Why current solutions are bad
Existing diagnostic tools are hardware-centric, expensive, and don't bundle the knowledge layer (what the code means on THIS model, what the fix procedure is, which OEM/aftermarket/salvage part fits). The information is fragmented across catalogs, forums, and tribal knowledge β€” exactly the fragmentation an extraction-plus-agent stack can consolidate.
Proposed product
A web workbench for independent ag repair: paste/scan a Deere fault code + model β†’ interpreted diagnosis with likely causes ranked from curated forum/manual corpus β†’ linked repair procedure summary β†’ live parts availability across OEM listings, aftermarket, and salvage/dismantler inventories with cross-reference. Charge per seat monthly; possibly per-lookup metered tier for farmers.
MVP version
Narrow HARD: one equipment family (e.g., late-model Deere row-crop tractors or combines), fault-code β†’ diagnosis β†’ parts cross-reference only, no procedures library. Corpus built via structured extraction from public parts catalogs, salvage listings, and fault-code discussions; agent-assisted curation. 40-60 build days for a demoable wedge.
30-day build
(1) VALIDATE FIRST β€” read the actual settlement terms to confirm what independents legally get access to; (2) interview 10-15 independent ag shops (found via state ag mechanic associations, right-to-repair groups) on how they diagnose Deere codes today and what they pay for; (3) if pain confirms, ship the fault-code + parts cross-ref wedge for one machine family.
60-day build
Pilot with 5-10 shops free-then-paid; demonstrated-value motion: take their last 3 stumper codes and show the tool resolving them. Add salvage-yard inventory coverage (founder's scrap/recycling network is a genuine sourcing edge here). Publish lookup demos to right-to-repair communities and ag-mechanic YouTube.
90-day revenue plan
Convert pilots at $99-199/mo per shop; 15-25 paying shops = $2-4k MRR. Metered farmer tier ($15/lookup or $29/mo) as a second stream. First revenue plausibly day 90-150 β€” inside the founder's 180-day window given he can fund the ramp (lesson applied: capital available, judge on sellability not 30-day cash).
Distribution path
Right-to-repair advocacy communities (highly energized post-settlement), ag-mechanic Facebook groups and forums, YouTube fault-code walkthroughs that double as SEO/demos, salvage-yard partnerships (they benefit from the parts-demand routing). No enterprise procurement required.
Pricing hypothesis
$99-199/mo per shop seat; $15-29 metered/lite tier for self-repair farmers; possible referral revenue from salvage/parts vendors on routed demand.
Technical difficulty
Moderate.

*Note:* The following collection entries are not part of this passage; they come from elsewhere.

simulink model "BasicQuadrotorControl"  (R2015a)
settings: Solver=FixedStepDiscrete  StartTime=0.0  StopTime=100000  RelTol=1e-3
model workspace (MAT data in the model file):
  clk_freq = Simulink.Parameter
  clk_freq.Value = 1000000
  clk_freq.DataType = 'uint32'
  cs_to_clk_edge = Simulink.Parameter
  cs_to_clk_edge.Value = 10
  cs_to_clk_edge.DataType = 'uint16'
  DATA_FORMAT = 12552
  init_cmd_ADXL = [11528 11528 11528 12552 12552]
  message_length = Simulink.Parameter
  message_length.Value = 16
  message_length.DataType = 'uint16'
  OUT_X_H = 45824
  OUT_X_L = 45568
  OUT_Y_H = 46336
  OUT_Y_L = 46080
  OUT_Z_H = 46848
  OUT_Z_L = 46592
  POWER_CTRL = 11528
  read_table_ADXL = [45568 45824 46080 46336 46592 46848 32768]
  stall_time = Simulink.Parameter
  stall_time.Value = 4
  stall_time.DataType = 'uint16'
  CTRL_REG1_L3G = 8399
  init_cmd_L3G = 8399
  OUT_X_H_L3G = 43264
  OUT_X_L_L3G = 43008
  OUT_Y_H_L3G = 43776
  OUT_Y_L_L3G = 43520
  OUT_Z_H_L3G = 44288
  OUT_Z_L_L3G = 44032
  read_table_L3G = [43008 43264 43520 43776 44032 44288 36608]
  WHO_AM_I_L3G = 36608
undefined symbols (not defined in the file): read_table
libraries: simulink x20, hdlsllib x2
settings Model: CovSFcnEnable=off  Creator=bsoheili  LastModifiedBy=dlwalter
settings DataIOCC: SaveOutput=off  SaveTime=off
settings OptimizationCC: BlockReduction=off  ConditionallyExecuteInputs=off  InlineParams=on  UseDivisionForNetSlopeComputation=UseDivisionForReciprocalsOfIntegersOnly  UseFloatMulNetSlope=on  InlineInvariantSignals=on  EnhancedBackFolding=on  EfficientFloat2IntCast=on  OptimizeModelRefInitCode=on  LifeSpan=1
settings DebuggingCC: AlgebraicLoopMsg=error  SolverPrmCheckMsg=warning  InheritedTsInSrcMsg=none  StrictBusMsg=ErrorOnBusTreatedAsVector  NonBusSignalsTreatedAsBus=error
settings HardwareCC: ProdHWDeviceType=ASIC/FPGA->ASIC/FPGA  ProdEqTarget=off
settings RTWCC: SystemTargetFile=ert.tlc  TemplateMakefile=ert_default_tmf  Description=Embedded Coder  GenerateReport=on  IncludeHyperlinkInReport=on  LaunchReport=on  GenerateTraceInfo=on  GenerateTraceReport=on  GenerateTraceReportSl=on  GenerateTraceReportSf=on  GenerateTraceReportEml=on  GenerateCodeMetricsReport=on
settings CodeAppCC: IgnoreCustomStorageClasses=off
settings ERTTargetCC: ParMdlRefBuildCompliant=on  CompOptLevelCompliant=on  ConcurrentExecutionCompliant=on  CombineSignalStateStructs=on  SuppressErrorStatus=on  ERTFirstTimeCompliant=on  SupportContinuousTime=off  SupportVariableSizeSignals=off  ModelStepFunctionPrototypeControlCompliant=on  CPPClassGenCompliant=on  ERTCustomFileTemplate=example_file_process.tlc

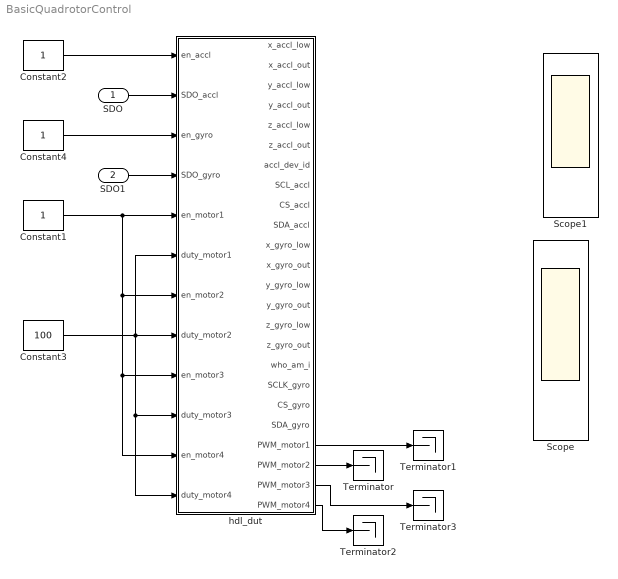
== system BasicQuadrotorControl ==
  SDO : Inport  OutDataTypeStr=boolean
  SDO1 : Inport  Port=2  OutDataTypeStr=boolean
  Constant1 : Constant  OutDataTypeStr=boolean  SampleTime=-1
  Constant2 : Constant  OutDataTypeStr=boolean  SampleTime=-1
  Constant3 : Constant  Value=100  OutDataTypeStr=uint8  SampleTime=-1
  Constant4 : Constant  OutDataTypeStr=boolean  SampleTime=-1
  Scope : Scope  NumInputPorts=4
      settings: TickLabels=on  TimeRange=2000  YMin=-5~-5~-5~-5  YMax=5~5~5~5
  Scope1 : Scope  NumInputPorts=4
      settings: TickLabels=on  TimeRange=2000  YMin=-5~-5~-5~-5  YMax=5~5~5~5  SaveName=ScopeData2
  Terminator{,1..3} (4 alike) : Terminator
  hdl_dut : Subsystem  TreatAsAtomicUnit=on
  wires:
  SDO/1 -> hdl_dut/2(SDO_accl)
  Constant3/1 -> hdl_dut/6(duty_motor1), hdl_dut/10(duty_motor3), hdl_dut/12(duty_motor4), hdl_dut/8(duty_motor2)
  Constant1/1 -> hdl_dut/5(en_motor1), hdl_dut/9(en_motor3), hdl_dut/11(en_motor4), hdl_dut/7(en_motor2)
  Constant2/1 -> hdl_dut/1(en_accl)
  Constant4/1 -> hdl_dut/3(en_gyro)
  SDO1/1 -> hdl_dut/4(SDO_gyro)
  hdl_dut/21(PWM_motor1) -> Terminator1/1
  hdl_dut/22(PWM_motor2) -> Terminator/1
  hdl_dut/23(PWM_motor3) -> Terminator3/1
  hdl_dut/24(PWM_motor4) -> Terminator2/1

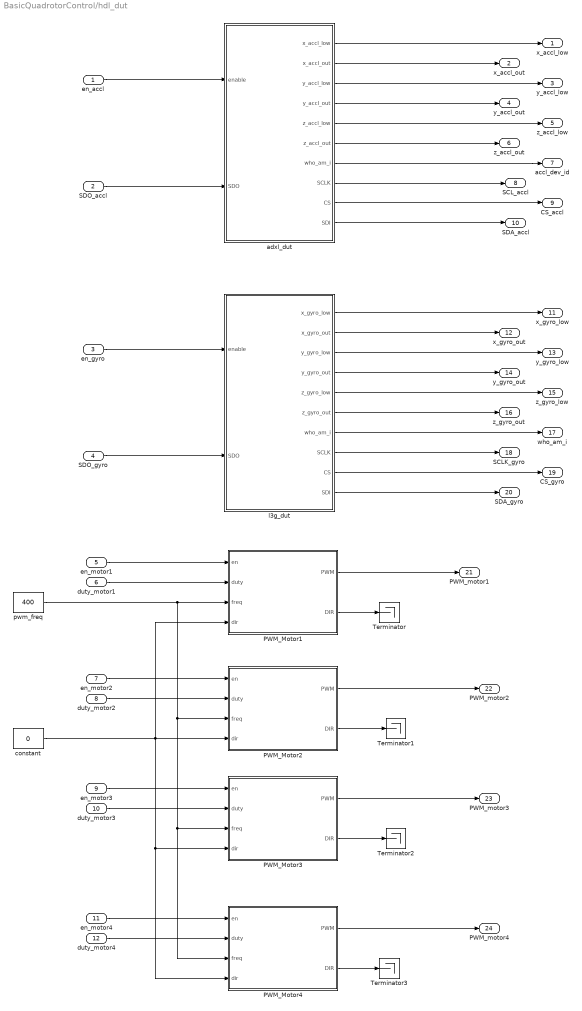
== system BasicQuadrotorControl/hdl_dut ==
  en_accl : Inport
  SDO_accl : Inport  Port=2
  en_gyro : Inport  Port=3
  SDO_gyro : Inport  Port=4
  en_motor1 : Inport  Port=5
  duty_motor1 : Inport  Port=6
  en_motor2 : Inport  Port=7
  duty_motor2 : Inport  Port=8
  en_motor3 : Inport  Port=9
  duty_motor3 : Inport  Port=10
  en_motor4 : Inport  Port=11
  duty_motor4 : Inport  Port=12
  PWM_Motor1 : Subsystem
  PWM_Motor2 : Subsystem
  PWM_Motor3 : Subsystem
  PWM_Motor4 : Subsystem
  Terminator{,1..3} (4 alike) : Terminator
  adxl_dut : Subsystem  TreatAsAtomicUnit=on  MinMaxOverflowLogging=MinMaxAndOverflow
  constant : Constant  Value=0  OutDataTypeStr=boolean  SampleTime=-1
  l3g_dut : Subsystem  TreatAsAtomicUnit=on  MinMaxOverflowLogging=MinMaxAndOverflow
  pwm_freq : Constant  Value=400  OutDataTypeStr=uint32  SampleTime=-1
  x_accl_low : Outport
  x_accl_out : Outport  Port=2
  y_accl_low : Outport  Port=3
  y_accl_out : Outport  Port=4
  z_accl_low : Outport  Port=5
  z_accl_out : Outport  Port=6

The extraction/agent stack is buildable solo (that's the convergence). The hard part is CORPUS QUALITY: fault-code interpretations must be right or the tool is dangerous to trust; requires ongoing curation and a correctness feedback loop. Not a weekend build β€” a 2-3 month disciplined build, which the founder can now fund.
Legal / regulatory risk
MATERIAL and the top risk after demand: (a) settlement scope is unverified β€” if it doesn't open diagnostic data, the product's premise weakens; (b) reproducing Deere's copyrighted service manuals/procedures is an IP landmine β€” the product must summarize from lawful sources and community knowledge, not mirror dealer documentation; (c) scraping parts catalogs may violate site terms (platform dependency). None of these are fatal but they shape what the corpus can lawfully contain.
Platform dependency
Depends on continued scrapability of parts catalogs/salvage listings and on Context.dev-class extraction APIs (swappable). No app-store gatekeeper. Deere could offer its own independent-tier portal post-settlement, which would compress the wedge.
Founder fit
Good but not his proven archetype. Industrial ops + scrap/recycling background gives real credibility with this buyer and a unique salvage-parts angle; demonstrated-value selling matches the 'show it solving your stumper code' motion. BUT this is NOT a government-portal forced-filer play (lesson: his highest-fit pattern) β€” the regulation ENABLES the buyer rather than COMPELLING one, so demand must be earned, not mandated. Rural shop owners may also be slow-trust SaaS buyers.
Breakout potential
Strong if the wedge works: settlement precedent is expected to spill into other equipment categories (construction, other ag OEMs), turning this into 'the independent heavy-equipment repair intelligence layer.' Salvage-parts routing could become a marketplace with transaction economics.
Final recommendation
CONDITIONAL GO β€” do not build yet. The convergence is real and timely, the buyer is reachable outside enterprise channels, and the founder has a genuine salvage/industrial edge, but demand is currently 100% hypothesis and the settlement's actual access terms are unread. Spend 2-3 weeks on validation (settlement text + 10-15 shop interviews); build the narrow fault-code/parts wedge only if shops articulate current spend or lost jobs. Rate as a promising B-tier: sellable if validated, killable cheaply if not.
Next action
Read the actual FTC/Deere settlement terms to confirm what diagnostic/data access independents receive, then run 10-15 discovery interviews with independent ag repair shops sourced from right-to-repair and ag-mechanic communities.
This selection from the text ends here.